§ **The problem**
Could you set down the records below exactly as they are, with no pictures?

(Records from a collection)
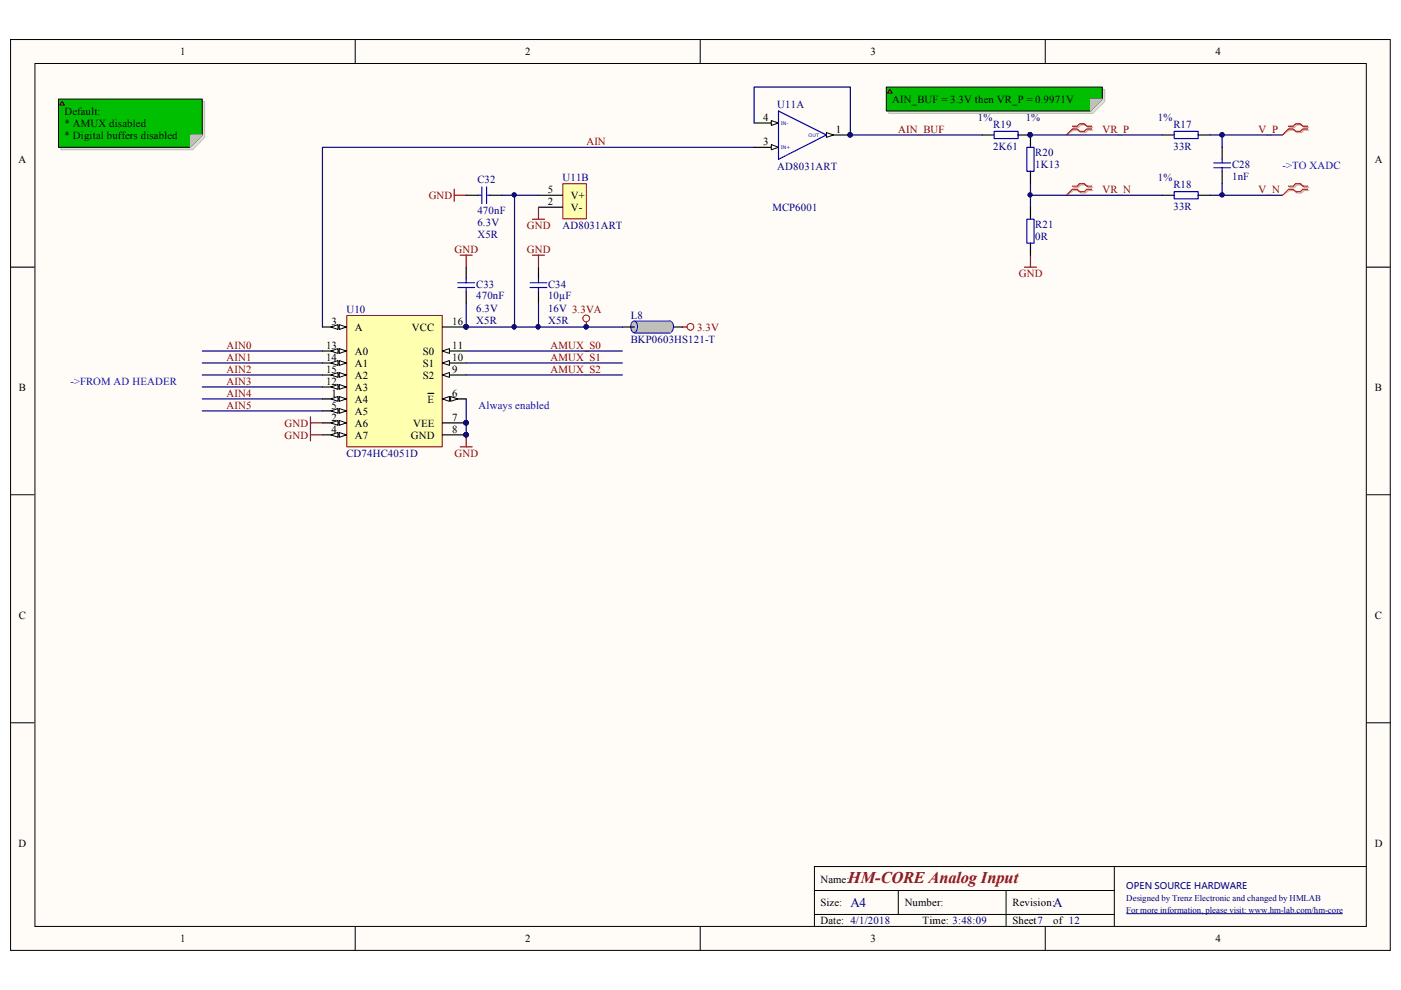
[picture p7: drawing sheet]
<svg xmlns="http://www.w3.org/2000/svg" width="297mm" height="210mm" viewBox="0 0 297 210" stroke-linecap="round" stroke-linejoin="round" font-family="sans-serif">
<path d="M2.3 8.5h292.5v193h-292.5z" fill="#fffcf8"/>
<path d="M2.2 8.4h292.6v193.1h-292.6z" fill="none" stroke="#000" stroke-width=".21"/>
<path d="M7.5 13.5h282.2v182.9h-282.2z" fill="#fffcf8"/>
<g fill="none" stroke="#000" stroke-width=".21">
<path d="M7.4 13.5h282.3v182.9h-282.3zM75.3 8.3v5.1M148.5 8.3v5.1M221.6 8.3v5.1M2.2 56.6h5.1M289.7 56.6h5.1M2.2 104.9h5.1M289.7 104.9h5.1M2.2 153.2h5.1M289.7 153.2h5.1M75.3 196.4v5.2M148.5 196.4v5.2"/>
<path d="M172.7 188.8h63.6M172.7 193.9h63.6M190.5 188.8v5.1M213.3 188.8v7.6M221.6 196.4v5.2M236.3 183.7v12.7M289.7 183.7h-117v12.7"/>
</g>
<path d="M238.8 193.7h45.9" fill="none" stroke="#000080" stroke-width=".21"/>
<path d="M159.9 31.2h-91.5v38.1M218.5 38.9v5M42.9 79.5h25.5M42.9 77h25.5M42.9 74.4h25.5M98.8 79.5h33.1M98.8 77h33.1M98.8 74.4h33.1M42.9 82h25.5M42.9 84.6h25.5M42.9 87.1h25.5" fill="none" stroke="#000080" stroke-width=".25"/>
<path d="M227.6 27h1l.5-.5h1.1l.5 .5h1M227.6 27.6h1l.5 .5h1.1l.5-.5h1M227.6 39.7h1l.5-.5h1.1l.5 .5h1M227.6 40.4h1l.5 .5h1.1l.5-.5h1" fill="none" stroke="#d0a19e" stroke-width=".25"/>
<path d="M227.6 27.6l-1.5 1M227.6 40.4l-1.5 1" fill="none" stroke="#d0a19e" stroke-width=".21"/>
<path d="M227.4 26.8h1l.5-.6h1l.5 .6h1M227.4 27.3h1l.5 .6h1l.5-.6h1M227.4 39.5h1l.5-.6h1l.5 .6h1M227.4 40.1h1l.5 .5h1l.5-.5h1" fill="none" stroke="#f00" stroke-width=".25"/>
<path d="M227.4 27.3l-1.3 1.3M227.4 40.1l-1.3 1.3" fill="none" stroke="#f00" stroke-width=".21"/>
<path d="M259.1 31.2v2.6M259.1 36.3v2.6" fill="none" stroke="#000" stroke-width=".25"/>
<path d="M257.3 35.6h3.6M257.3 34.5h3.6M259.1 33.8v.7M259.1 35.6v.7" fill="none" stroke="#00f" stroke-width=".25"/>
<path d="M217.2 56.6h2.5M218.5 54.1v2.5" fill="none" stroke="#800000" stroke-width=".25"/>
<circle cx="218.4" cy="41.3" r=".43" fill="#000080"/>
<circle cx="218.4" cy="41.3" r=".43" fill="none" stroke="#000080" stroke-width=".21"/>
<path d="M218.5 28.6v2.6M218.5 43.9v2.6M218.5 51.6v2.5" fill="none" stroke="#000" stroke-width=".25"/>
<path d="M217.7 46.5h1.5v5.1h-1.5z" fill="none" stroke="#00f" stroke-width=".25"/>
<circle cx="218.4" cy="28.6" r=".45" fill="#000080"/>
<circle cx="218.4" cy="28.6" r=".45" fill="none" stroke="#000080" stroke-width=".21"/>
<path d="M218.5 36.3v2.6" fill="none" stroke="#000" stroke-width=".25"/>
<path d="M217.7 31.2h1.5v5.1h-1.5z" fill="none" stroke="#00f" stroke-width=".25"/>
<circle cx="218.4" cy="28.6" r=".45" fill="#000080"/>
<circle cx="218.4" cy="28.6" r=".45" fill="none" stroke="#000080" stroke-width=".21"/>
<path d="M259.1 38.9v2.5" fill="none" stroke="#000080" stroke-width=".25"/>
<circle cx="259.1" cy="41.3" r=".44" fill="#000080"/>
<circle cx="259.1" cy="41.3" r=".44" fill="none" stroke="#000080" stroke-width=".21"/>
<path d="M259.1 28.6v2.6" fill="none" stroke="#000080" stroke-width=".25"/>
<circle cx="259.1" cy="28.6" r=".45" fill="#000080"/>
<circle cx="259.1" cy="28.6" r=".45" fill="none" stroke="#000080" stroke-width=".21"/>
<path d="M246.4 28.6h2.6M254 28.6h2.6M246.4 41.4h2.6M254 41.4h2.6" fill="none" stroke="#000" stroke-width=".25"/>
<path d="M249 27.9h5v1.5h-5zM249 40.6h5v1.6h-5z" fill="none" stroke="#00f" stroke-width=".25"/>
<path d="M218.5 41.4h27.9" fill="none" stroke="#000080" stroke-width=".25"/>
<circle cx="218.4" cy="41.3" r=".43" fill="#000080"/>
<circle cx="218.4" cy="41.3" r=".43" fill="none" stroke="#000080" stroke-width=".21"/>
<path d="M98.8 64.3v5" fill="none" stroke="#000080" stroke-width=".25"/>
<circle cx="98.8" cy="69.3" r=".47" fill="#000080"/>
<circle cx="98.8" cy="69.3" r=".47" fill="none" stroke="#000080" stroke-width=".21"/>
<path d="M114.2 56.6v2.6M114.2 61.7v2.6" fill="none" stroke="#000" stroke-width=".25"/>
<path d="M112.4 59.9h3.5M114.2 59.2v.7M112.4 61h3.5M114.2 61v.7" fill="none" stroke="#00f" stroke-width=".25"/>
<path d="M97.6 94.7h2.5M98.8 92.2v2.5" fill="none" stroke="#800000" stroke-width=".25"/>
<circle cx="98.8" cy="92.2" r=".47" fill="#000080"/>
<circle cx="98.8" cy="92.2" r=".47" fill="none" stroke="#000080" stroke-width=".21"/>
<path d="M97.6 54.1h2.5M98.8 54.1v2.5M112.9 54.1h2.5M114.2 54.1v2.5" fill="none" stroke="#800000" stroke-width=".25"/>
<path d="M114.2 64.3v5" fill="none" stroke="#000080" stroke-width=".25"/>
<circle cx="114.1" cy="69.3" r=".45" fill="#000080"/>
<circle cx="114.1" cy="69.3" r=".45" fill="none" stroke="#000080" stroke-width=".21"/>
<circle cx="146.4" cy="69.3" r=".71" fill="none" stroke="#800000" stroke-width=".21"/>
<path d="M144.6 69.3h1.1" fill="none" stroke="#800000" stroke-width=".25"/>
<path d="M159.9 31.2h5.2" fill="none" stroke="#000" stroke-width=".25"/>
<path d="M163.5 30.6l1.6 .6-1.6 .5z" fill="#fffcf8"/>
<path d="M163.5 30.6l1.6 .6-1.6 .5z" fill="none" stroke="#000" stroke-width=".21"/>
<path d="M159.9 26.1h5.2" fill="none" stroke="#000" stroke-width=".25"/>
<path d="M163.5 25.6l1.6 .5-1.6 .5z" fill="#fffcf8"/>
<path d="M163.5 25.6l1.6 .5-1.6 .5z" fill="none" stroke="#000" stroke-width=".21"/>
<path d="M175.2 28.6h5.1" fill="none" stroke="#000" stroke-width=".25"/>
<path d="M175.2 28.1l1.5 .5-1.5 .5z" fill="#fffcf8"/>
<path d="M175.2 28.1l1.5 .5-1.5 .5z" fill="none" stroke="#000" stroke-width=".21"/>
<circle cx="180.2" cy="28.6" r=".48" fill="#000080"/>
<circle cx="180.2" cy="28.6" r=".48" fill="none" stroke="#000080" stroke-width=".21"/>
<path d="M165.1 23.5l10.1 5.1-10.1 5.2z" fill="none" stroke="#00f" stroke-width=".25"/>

§ **Your response**
[picture p7: drawing sheet]
<svg xmlns="http://www.w3.org/2000/svg" width="297mm" height="210mm" viewBox="0 0 297 210" stroke-linecap="round" stroke-linejoin="round" font-family="sans-serif">
<path d="M2.3 8.5h292.5v193h-292.5z" fill="#fffcf8"/>
<path d="M2.2 8.4h292.6v193.1h-292.6z" fill="none" stroke="#000" stroke-width=".21"/>
<path d="M7.5 13.5h282.2v182.9h-282.2z" fill="#fffcf8"/>
<g fill="none" stroke="#000" stroke-width=".21">
<path d="M7.4 13.5h282.3v182.9h-282.3zM75.3 8.3v5.1M148.5 8.3v5.1M221.6 8.3v5.1M2.2 56.6h5.1M289.7 56.6h5.1M2.2 104.9h5.1M289.7 104.9h5.1M2.2 153.2h5.1M289.7 153.2h5.1M75.3 196.4v5.2M148.5 196.4v5.2"/>
<path d="M172.7 188.8h63.6M172.7 193.9h63.6M190.5 188.8v5.1M213.3 188.8v7.6M221.6 196.4v5.2M236.3 183.7v12.7M289.7 183.7h-117v12.7"/>
</g>
<path d="M238.8 193.7h45.9" fill="none" stroke="#000080" stroke-width=".21"/>
<path d="M159.9 31.2h-91.5v38.1M218.5 38.9v5M42.9 79.5h25.5M42.9 77h25.5M42.9 74.4h25.5M98.8 79.5h33.1M98.8 77h33.1M98.8 74.4h33.1M42.9 82h25.5M42.9 84.6h25.5M42.9 87.1h25.5" fill="none" stroke="#000080" stroke-width=".25"/>
<path d="M227.6 27h1l.5-.5h1.1l.5 .5h1M227.6 27.6h1l.5 .5h1.1l.5-.5h1M227.6 39.7h1l.5-.5h1.1l.5 .5h1M227.6 40.4h1l.5 .5h1.1l.5-.5h1" fill="none" stroke="#d0a19e" stroke-width=".25"/>
<path d="M227.6 27.6l-1.5 1M227.6 40.4l-1.5 1" fill="none" stroke="#d0a19e" stroke-width=".21"/>
<path d="M227.4 26.8h1l.5-.6h1l.5 .6h1M227.4 27.3h1l.5 .6h1l.5-.6h1M227.4 39.5h1l.5-.6h1l.5 .6h1M227.4 40.1h1l.5 .5h1l.5-.5h1" fill="none" stroke="#f00" stroke-width=".25"/>
<path d="M227.4 27.3l-1.3 1.3M227.4 40.1l-1.3 1.3" fill="none" stroke="#f00" stroke-width=".21"/>
<path d="M259.1 31.2v2.6M259.1 36.3v2.6" fill="none" stroke="#000" stroke-width=".25"/>
<path d="M257.3 35.6h3.6M257.3 34.5h3.6M259.1 33.8v.7M259.1 35.6v.7" fill="none" stroke="#00f" stroke-width=".25"/>
<path d="M217.2 56.6h2.5M218.5 54.1v2.5" fill="none" stroke="#800000" stroke-width=".25"/>
<circle cx="218.4" cy="41.3" r=".43" fill="#000080"/>
<circle cx="218.4" cy="41.3" r=".43" fill="none" stroke="#000080" stroke-width=".21"/>
<path d="M218.5 28.6v2.6M218.5 43.9v2.6M218.5 51.6v2.5" fill="none" stroke="#000" stroke-width=".25"/>
<path d="M217.7 46.5h1.5v5.1h-1.5z" fill="none" stroke="#00f" stroke-width=".25"/>
<circle cx="218.4" cy="28.6" r=".45" fill="#000080"/>
<circle cx="218.4" cy="28.6" r=".45" fill="none" stroke="#000080" stroke-width=".21"/>
<path d="M218.5 36.3v2.6" fill="none" stroke="#000" stroke-width=".25"/>
<path d="M217.7 31.2h1.5v5.1h-1.5z" fill="none" stroke="#00f" stroke-width=".25"/>
<circle cx="218.4" cy="28.6" r=".45" fill="#000080"/>
<circle cx="218.4" cy="28.6" r=".45" fill="none" stroke="#000080" stroke-width=".21"/>
<path d="M259.1 38.9v2.5" fill="none" stroke="#000080" stroke-width=".25"/>
<circle cx="259.1" cy="41.3" r=".44" fill="#000080"/>
<circle cx="259.1" cy="41.3" r=".44" fill="none" stroke="#000080" stroke-width=".21"/>
<path d="M259.1 28.6v2.6" fill="none" stroke="#000080" stroke-width=".25"/>
<circle cx="259.1" cy="28.6" r=".45" fill="#000080"/>
<circle cx="259.1" cy="28.6" r=".45" fill="none" stroke="#000080" stroke-width=".21"/>
<path d="M246.4 28.6h2.6M254 28.6h2.6M246.4 41.4h2.6M254 41.4h2.6" fill="none" stroke="#000" stroke-width=".25"/>
<path d="M249 27.9h5v1.5h-5zM249 40.6h5v1.6h-5z" fill="none" stroke="#00f" stroke-width=".25"/>
<path d="M218.5 41.4h27.9" fill="none" stroke="#000080" stroke-width=".25"/>
<circle cx="218.4" cy="41.3" r=".43" fill="#000080"/>
<circle cx="218.4" cy="41.3" r=".43" fill="none" stroke="#000080" stroke-width=".21"/>
<path d="M98.8 64.3v5" fill="none" stroke="#000080" stroke-width=".25"/>
<circle cx="98.8" cy="69.3" r=".47" fill="#000080"/>
<circle cx="98.8" cy="69.3" r=".47" fill="none" stroke="#000080" stroke-width=".21"/>
<path d="M114.2 56.6v2.6M114.2 61.7v2.6" fill="none" stroke="#000" stroke-width=".25"/>
<path d="M112.4 59.9h3.5M114.2 59.2v.7M112.4 61h3.5M114.2 61v.7" fill="none" stroke="#00f" stroke-width=".25"/>
<path d="M97.6 94.7h2.5M98.8 92.2v2.5" fill="none" stroke="#800000" stroke-width=".25"/>
<circle cx="98.8" cy="92.2" r=".47" fill="#000080"/>
<circle cx="98.8" cy="92.2" r=".47" fill="none" stroke="#000080" stroke-width=".21"/>
<path d="M97.6 54.1h2.5M98.8 54.1v2.5M112.9 54.1h2.5M114.2 54.1v2.5" fill="none" stroke="#800000" stroke-width=".25"/>
<path d="M114.2 64.3v5" fill="none" stroke="#000080" stroke-width=".25"/>
<circle cx="114.1" cy="69.3" r=".45" fill="#000080"/>
<circle cx="114.1" cy="69.3" r=".45" fill="none" stroke="#000080" stroke-width=".21"/>
<circle cx="146.4" cy="69.3" r=".71" fill="none" stroke="#800000" stroke-width=".21"/>
<path d="M144.6 69.3h1.1" fill="none" stroke="#800000" stroke-width=".25"/>
<path d="M159.9 31.2h5.2" fill="none" stroke="#000" stroke-width=".25"/>
<path d="M163.5 30.6l1.6 .6-1.6 .5z" fill="#fffcf8"/>
<path d="M163.5 30.6l1.6 .6-1.6 .5z" fill="none" stroke="#000" stroke-width=".21"/>
<path d="M159.9 26.1h5.2" fill="none" stroke="#000" stroke-width=".25"/>
<path d="M163.5 25.6l1.6 .5-1.6 .5z" fill="#fffcf8"/>
<path d="M163.5 25.6l1.6 .5-1.6 .5z" fill="none" stroke="#000" stroke-width=".21"/>
<path d="M175.2 28.6h5.1" fill="none" stroke="#000" stroke-width=".25"/>
<path d="M175.2 28.1l1.5 .5-1.5 .5z" fill="#fffcf8"/>
<path d="M175.2 28.1l1.5 .5-1.5 .5z" fill="none" stroke="#000" stroke-width=".21"/>
<circle cx="180.2" cy="28.6" r=".48" fill="#000080"/>
<circle cx="180.2" cy="28.6" r=".48" fill="none" stroke="#000080" stroke-width=".21"/>
<path d="M165.1 23.5l10.1 5.1-10.1 5.2z" fill="none" stroke="#00f" stroke-width=".25"/>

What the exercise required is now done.